-- Material for the task follows --

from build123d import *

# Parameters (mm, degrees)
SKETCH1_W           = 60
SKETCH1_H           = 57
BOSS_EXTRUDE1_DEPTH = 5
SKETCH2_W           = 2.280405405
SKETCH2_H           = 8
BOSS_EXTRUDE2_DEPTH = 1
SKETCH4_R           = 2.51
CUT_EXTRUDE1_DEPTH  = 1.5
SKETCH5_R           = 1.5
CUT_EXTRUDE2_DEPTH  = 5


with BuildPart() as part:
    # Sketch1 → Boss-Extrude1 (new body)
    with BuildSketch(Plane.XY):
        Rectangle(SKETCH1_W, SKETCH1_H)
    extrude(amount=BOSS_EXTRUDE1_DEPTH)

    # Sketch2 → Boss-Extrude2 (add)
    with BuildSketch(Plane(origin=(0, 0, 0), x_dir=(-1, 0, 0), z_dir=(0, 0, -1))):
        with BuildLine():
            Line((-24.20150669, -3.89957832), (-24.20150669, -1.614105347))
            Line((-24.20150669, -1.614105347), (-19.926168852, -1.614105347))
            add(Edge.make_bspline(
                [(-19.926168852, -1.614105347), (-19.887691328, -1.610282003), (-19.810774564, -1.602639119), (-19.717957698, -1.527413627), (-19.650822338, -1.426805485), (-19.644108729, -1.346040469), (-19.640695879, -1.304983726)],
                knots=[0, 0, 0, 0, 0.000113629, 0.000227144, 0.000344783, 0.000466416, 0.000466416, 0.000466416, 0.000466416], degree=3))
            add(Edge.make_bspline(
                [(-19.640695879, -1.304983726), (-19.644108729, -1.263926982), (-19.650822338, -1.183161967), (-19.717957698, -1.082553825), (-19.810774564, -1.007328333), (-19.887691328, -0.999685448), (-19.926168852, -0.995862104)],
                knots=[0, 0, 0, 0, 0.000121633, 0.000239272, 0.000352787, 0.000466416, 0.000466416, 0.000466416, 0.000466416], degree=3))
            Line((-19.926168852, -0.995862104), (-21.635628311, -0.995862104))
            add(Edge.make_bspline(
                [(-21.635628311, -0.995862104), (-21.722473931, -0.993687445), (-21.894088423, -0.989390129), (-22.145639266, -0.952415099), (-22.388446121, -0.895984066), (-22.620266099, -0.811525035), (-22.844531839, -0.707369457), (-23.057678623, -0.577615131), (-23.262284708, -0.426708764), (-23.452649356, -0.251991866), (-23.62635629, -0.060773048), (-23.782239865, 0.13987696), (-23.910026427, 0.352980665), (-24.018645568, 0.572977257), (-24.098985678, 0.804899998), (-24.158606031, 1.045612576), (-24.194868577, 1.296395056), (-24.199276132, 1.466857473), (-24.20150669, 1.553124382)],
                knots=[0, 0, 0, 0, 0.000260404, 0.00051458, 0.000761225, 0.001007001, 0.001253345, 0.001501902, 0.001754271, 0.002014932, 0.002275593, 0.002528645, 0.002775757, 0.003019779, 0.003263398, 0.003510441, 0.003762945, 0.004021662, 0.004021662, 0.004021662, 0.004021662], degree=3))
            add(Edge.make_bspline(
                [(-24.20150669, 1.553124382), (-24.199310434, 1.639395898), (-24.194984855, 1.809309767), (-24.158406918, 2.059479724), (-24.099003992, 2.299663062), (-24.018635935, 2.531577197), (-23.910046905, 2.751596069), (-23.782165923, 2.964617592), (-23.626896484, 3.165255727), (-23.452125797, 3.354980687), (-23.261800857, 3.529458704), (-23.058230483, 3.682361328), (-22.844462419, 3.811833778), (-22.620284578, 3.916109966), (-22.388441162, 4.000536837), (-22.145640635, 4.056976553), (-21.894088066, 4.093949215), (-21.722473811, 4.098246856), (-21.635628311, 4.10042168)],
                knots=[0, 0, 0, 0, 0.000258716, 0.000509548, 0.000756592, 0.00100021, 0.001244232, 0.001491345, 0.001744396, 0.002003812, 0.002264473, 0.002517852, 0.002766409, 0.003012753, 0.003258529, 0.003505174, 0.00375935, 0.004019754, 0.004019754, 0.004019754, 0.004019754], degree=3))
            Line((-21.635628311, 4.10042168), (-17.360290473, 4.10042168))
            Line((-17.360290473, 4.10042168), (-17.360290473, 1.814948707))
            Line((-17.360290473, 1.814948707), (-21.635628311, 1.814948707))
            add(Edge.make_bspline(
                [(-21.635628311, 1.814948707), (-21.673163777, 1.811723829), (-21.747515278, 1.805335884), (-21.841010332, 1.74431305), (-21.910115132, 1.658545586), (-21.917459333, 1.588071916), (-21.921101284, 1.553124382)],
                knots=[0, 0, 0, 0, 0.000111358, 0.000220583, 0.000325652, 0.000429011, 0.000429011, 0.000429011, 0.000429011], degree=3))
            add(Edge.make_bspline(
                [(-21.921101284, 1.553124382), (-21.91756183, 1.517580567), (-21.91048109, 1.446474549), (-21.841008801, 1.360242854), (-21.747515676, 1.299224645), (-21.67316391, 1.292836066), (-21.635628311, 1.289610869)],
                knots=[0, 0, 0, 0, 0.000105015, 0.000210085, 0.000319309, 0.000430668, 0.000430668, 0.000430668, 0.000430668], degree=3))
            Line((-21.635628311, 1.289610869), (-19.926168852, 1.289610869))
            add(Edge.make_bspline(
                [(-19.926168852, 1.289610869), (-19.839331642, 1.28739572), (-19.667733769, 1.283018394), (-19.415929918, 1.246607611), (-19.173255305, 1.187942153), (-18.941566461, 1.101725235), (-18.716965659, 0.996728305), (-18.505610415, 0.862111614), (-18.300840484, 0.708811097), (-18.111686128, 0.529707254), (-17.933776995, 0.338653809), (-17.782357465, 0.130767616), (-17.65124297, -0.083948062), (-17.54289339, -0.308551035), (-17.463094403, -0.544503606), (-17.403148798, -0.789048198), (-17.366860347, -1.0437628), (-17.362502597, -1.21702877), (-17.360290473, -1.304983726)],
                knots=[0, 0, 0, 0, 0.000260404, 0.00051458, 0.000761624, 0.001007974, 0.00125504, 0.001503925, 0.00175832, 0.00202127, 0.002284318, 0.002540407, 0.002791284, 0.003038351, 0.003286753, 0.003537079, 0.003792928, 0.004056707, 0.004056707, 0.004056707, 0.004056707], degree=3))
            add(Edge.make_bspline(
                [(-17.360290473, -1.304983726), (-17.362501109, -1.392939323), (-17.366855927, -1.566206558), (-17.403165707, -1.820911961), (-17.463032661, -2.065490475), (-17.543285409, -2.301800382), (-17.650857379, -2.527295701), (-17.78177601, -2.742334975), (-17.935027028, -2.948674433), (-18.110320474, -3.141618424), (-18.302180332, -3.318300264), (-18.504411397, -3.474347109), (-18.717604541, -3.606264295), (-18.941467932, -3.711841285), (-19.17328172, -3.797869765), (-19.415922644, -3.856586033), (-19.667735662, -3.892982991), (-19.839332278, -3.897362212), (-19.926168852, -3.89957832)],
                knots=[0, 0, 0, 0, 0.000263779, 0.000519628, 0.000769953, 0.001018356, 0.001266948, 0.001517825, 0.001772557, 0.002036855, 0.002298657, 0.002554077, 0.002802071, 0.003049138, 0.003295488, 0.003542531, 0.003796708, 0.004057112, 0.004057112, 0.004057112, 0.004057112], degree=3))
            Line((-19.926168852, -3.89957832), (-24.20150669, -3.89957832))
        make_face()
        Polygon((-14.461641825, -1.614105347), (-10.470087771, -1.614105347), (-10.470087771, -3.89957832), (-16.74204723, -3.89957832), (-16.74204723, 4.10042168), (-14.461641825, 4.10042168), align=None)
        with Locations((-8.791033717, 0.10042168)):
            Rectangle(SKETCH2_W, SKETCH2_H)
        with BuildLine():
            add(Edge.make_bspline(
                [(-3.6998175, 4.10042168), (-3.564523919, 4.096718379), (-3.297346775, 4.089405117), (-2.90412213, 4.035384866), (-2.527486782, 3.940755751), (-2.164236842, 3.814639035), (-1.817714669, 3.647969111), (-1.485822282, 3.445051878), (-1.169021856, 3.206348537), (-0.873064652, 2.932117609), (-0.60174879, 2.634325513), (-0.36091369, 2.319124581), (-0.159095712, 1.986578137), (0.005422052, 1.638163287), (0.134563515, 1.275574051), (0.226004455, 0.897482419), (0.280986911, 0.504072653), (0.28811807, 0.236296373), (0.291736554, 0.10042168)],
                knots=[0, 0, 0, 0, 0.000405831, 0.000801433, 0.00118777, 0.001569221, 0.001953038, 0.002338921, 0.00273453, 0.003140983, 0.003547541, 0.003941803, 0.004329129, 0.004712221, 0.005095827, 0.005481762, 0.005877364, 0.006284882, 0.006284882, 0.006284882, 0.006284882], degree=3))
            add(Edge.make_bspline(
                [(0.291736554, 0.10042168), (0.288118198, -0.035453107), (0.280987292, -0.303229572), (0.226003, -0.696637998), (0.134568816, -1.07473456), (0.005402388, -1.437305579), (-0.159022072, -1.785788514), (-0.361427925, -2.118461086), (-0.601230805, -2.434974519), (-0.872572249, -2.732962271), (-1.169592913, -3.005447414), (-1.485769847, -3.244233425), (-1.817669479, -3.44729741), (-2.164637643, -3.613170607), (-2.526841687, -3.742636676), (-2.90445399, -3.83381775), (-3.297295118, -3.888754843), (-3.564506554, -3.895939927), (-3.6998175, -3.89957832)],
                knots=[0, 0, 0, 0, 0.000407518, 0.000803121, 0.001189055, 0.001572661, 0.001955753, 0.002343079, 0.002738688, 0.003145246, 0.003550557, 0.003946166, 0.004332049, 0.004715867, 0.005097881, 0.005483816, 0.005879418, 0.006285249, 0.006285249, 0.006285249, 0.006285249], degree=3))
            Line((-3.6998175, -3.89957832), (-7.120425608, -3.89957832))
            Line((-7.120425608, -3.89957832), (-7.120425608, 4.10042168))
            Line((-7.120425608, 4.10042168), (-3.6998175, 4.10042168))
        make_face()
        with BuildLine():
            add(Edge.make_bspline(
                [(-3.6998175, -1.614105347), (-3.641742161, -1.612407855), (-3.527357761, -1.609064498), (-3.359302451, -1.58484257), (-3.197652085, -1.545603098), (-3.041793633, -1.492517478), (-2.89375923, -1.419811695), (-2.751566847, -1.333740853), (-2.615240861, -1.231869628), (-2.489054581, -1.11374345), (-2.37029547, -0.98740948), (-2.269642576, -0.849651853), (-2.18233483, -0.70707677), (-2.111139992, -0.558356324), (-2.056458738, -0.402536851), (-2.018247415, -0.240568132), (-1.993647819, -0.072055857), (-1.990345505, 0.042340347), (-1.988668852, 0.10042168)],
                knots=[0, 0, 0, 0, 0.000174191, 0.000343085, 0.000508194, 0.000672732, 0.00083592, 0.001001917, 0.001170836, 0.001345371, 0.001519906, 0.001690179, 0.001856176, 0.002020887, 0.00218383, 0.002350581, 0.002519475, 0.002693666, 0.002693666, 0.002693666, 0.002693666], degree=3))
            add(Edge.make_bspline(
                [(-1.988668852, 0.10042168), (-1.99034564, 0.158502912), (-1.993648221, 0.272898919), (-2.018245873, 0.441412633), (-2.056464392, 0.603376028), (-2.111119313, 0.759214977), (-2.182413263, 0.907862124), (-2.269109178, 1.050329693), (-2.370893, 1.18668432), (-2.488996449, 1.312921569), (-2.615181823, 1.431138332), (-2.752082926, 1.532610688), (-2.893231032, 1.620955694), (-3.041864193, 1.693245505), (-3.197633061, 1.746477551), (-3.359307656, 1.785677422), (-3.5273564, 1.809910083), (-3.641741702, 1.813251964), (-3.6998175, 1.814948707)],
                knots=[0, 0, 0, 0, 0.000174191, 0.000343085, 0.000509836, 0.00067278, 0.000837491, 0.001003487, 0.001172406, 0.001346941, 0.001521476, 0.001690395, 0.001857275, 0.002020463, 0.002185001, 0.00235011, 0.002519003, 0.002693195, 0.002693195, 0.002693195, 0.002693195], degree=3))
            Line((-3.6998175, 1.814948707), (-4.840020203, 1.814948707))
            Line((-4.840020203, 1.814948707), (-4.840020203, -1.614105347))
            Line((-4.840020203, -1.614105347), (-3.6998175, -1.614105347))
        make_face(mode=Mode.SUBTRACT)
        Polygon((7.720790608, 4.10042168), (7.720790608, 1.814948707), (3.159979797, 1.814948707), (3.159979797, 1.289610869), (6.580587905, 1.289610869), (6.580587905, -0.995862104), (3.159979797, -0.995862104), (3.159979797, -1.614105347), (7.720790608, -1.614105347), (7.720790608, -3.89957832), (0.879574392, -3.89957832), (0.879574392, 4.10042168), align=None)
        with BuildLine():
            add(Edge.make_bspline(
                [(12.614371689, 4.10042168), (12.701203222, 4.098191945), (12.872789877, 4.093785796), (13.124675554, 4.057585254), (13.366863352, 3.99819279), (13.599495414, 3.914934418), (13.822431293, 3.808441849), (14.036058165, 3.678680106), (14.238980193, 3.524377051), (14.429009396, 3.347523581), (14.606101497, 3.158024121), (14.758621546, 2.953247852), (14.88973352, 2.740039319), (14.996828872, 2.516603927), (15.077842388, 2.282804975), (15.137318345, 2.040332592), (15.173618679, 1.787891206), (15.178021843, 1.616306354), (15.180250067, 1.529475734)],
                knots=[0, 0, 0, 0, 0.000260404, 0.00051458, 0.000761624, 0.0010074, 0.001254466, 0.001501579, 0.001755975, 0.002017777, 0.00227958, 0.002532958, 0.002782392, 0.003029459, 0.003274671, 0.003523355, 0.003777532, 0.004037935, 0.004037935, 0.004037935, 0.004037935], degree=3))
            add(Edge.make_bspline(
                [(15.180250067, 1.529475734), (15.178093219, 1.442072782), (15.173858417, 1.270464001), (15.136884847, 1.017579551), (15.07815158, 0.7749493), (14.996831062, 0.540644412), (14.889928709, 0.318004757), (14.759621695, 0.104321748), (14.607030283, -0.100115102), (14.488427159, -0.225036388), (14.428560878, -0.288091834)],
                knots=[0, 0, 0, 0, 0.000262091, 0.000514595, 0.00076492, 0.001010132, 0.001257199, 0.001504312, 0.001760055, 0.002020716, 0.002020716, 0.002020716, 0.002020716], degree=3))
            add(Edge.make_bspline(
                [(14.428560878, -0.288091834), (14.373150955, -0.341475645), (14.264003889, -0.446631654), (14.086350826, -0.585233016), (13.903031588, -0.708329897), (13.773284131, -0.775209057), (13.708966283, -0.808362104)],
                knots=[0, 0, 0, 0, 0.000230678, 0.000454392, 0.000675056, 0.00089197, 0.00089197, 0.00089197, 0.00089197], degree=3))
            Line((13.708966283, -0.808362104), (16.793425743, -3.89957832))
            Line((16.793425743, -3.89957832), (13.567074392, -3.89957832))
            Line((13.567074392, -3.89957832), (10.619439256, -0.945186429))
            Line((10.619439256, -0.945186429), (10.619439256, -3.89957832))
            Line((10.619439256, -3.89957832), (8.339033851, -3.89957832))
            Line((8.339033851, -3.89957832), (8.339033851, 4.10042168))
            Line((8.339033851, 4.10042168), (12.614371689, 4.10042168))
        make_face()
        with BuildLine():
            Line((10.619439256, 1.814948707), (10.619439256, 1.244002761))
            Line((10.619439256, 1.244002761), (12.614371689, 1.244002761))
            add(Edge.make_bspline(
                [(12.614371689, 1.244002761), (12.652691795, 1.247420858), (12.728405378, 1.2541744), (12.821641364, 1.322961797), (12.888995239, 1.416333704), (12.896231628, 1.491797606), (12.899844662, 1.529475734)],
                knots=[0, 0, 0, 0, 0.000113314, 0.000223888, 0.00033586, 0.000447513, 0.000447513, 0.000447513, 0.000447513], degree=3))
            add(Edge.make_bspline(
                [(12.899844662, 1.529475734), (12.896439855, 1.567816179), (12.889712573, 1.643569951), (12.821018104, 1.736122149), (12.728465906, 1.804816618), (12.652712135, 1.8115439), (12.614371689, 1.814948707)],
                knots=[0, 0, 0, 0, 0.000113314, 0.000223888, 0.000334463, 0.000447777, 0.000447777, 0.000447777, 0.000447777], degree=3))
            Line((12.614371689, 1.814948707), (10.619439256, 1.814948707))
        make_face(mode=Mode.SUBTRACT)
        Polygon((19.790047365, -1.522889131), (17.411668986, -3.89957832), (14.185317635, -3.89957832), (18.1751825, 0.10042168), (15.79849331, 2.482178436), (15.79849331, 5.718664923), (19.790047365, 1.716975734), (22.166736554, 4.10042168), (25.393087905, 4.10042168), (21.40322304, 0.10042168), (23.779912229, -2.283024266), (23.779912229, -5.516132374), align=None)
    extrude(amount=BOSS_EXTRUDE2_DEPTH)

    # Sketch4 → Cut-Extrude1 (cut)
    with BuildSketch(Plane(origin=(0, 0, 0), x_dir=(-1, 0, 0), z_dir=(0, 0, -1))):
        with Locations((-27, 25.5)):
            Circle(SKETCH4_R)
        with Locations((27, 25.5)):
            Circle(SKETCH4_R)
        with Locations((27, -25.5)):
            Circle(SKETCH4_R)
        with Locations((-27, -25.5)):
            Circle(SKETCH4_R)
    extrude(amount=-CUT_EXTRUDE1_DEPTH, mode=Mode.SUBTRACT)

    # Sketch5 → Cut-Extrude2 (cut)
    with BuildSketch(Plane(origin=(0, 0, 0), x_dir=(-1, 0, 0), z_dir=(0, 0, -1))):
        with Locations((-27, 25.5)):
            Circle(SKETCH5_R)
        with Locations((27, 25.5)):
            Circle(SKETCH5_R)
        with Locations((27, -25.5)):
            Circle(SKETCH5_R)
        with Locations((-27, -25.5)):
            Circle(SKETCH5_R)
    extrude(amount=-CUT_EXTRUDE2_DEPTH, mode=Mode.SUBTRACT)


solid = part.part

-- Material for the task concluded --

_Exercise_
Would you copy, unchanged, the stretch of the records above that begins at the line containing "# Sketch4 → Cut-Extrude1 (cut)" and ends at the line containing "# Sketch5 → Cut-Extrude2 (cut)", and only that?

_Your solution_
    # Sketch4 → Cut-Extrude1 (cut)
    with BuildSketch(Plane(origin=(0, 0, 0), x_dir=(-1, 0, 0), z_dir=(0, 0, -1))):
        with Locations((-27, 25.5)):
            Circle(SKETCH4_R)
        with Locations((27, 25.5)):
            Circle(SKETCH4_R)
        with Locations((27, -25.5)):
            Circle(SKETCH4_R)
        with Locations((-27, -25.5)):
            Circle(SKETCH4_R)
    extrude(amount=-CUT_EXTRUDE1_DEPTH, mode=Mode.SUBTRACT)

    # Sketch5 → Cut-Extrude2 (cut)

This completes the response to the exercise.